Human review should be sampled, not ceremonial. Many teams review heavily during launch, then stop once the dashboard looks quiet. That is backwards. Real users invent new prompts, documents drift, policies change, and models update. A light but steady review habit catches slow degradation before it becomes a reputation problem.
The cultural challenge is that evaluation slows the fantasy down. It turns 'AI can do this' into 'AI can do this under these conditions, with these sources, at this quality threshold, except for these cases.' That sentence is less exciting and far more useful. It is the difference between a demo and a product.
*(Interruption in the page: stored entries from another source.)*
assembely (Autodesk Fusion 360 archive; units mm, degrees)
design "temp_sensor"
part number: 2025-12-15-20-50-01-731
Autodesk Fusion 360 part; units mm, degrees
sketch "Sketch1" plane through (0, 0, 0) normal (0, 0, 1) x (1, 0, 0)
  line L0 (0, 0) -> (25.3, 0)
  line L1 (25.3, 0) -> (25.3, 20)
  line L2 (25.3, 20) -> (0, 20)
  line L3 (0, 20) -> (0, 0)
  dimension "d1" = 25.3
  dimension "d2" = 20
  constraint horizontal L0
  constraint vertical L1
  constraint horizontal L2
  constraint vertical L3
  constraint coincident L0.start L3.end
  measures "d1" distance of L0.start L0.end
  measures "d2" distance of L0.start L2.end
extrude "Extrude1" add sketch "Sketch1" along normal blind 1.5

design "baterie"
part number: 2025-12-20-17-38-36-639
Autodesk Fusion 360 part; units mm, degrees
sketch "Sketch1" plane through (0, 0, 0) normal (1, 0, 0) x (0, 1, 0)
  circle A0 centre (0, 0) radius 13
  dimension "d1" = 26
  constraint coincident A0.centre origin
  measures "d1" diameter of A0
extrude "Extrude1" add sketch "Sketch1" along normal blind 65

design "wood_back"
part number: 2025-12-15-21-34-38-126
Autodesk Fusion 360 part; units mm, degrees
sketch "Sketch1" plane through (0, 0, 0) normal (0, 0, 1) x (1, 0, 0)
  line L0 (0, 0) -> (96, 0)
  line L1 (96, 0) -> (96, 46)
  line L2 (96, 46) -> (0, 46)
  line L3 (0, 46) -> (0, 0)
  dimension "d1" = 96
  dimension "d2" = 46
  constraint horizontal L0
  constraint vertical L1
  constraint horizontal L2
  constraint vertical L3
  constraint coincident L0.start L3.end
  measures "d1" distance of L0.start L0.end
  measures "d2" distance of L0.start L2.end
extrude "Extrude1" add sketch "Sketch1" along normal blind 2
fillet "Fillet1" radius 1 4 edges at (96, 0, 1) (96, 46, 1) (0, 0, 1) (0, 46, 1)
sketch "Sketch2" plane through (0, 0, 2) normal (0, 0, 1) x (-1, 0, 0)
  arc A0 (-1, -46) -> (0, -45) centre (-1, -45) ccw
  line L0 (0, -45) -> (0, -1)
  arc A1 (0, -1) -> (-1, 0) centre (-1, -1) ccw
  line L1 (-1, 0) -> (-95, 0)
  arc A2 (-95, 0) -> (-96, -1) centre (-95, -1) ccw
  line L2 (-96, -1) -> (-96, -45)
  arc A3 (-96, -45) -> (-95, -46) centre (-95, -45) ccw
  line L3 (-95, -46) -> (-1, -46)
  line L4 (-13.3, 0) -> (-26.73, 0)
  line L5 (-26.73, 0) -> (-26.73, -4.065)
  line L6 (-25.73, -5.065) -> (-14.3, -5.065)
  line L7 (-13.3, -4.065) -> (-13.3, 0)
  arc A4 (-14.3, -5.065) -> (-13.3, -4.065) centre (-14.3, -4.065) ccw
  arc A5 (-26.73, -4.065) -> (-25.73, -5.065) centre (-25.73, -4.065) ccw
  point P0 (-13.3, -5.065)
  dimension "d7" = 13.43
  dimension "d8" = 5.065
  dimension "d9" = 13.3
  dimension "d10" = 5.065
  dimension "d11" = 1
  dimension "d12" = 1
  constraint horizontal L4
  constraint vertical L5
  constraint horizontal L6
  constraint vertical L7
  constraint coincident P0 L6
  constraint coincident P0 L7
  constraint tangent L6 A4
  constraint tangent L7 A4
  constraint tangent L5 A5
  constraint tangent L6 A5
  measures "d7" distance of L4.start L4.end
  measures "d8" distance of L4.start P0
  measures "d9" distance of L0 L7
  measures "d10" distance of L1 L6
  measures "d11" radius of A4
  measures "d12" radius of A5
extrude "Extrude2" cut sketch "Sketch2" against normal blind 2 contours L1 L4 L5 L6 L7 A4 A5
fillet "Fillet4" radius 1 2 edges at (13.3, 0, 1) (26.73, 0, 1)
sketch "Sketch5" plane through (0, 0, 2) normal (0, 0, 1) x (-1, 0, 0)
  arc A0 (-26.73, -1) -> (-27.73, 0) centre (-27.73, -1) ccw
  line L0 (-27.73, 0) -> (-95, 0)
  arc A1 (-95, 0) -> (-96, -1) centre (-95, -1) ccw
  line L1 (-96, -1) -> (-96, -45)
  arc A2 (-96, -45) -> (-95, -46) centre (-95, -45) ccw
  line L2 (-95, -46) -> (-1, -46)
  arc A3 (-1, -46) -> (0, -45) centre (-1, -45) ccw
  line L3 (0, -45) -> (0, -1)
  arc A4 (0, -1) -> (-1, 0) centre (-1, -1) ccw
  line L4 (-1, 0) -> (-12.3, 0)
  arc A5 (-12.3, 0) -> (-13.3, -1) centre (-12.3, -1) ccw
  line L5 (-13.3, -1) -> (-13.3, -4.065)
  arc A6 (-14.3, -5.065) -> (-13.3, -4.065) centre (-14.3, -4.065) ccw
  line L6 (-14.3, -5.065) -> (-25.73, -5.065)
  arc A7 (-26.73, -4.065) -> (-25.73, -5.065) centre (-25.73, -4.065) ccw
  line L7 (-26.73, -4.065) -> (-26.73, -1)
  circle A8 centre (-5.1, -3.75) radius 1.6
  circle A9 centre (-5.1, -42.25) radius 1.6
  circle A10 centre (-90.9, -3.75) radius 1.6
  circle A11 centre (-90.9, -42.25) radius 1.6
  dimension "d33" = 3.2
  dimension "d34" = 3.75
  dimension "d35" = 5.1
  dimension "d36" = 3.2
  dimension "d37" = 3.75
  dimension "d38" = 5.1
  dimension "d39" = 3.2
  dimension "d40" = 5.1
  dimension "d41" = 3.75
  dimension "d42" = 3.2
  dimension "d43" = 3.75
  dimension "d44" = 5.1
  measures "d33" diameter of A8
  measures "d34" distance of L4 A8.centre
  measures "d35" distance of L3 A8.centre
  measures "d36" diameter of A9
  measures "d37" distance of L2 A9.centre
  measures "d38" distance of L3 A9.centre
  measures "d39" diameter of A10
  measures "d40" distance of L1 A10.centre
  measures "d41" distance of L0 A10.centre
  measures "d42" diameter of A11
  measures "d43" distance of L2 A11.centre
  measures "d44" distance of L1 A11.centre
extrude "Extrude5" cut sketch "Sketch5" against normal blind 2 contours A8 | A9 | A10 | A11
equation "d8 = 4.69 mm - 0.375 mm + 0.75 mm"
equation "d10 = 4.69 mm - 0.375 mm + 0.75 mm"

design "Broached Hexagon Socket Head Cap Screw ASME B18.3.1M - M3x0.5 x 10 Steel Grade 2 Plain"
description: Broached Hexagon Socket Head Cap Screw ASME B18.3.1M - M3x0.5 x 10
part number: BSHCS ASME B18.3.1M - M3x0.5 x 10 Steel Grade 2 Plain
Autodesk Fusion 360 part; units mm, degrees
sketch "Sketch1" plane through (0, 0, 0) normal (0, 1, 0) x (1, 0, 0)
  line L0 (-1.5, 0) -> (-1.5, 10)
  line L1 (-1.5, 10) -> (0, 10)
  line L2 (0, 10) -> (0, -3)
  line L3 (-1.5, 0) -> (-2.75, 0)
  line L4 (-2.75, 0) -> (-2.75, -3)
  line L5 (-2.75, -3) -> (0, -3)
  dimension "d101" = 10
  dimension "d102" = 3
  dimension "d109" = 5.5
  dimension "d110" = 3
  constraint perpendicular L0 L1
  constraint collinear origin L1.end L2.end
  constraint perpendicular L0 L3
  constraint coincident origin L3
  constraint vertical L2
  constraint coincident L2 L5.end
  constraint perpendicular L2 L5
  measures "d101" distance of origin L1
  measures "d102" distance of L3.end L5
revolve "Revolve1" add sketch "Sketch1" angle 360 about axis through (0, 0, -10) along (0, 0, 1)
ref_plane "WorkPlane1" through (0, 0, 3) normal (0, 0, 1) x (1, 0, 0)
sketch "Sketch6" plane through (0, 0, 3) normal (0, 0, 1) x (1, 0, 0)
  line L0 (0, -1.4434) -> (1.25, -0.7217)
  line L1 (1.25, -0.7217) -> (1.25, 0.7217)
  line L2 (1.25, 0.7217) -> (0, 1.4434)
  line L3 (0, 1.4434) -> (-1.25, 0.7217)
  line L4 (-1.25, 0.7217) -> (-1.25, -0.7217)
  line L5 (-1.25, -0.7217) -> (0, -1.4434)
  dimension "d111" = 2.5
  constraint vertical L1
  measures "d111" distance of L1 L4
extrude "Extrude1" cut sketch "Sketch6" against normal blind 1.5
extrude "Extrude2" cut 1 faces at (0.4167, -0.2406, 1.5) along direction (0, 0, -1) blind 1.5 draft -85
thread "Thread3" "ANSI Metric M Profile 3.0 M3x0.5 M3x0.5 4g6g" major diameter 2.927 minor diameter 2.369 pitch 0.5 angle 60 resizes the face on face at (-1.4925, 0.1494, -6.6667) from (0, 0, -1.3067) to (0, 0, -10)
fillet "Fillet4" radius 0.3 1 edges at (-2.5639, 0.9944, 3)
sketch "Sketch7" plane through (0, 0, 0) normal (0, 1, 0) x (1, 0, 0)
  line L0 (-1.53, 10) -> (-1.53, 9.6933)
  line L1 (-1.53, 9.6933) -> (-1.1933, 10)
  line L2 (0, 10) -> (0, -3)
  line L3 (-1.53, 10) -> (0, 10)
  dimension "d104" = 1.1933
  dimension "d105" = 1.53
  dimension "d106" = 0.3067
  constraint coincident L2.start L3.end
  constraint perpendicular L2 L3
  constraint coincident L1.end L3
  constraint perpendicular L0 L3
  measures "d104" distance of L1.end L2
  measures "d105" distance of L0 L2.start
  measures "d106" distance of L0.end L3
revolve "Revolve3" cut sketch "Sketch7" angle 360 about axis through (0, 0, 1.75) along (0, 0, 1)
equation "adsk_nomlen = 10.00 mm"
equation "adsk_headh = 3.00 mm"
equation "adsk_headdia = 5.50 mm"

Taste is not a replacement for metrics. It is the source material for better metrics. The teams that build durable AI systems will be the ones that turn expert judgment into examples, examples into tests, tests into product changes, and product changes into safer work. The leaderboard may help pick the engine. Taste keeps the vehicle on the road.
Frequently asked questions
What is an AI evaluation?
An AI evaluation is a repeatable way to test whether a model or AI system performs well on the tasks that matter, including accuracy, usefulness, safety, citations, format, and policy behavior.
Are benchmark scores enough?
No. Benchmarks are useful for comparing general capability, but every serious AI product needs task-specific tests based on real user workflows and failure modes.
How many examples does an AI eval need?
Start with 30 to 100 strong examples if the workflow is narrow. Expand as failures appear. Quality and coverage matter more than a huge but shallow set.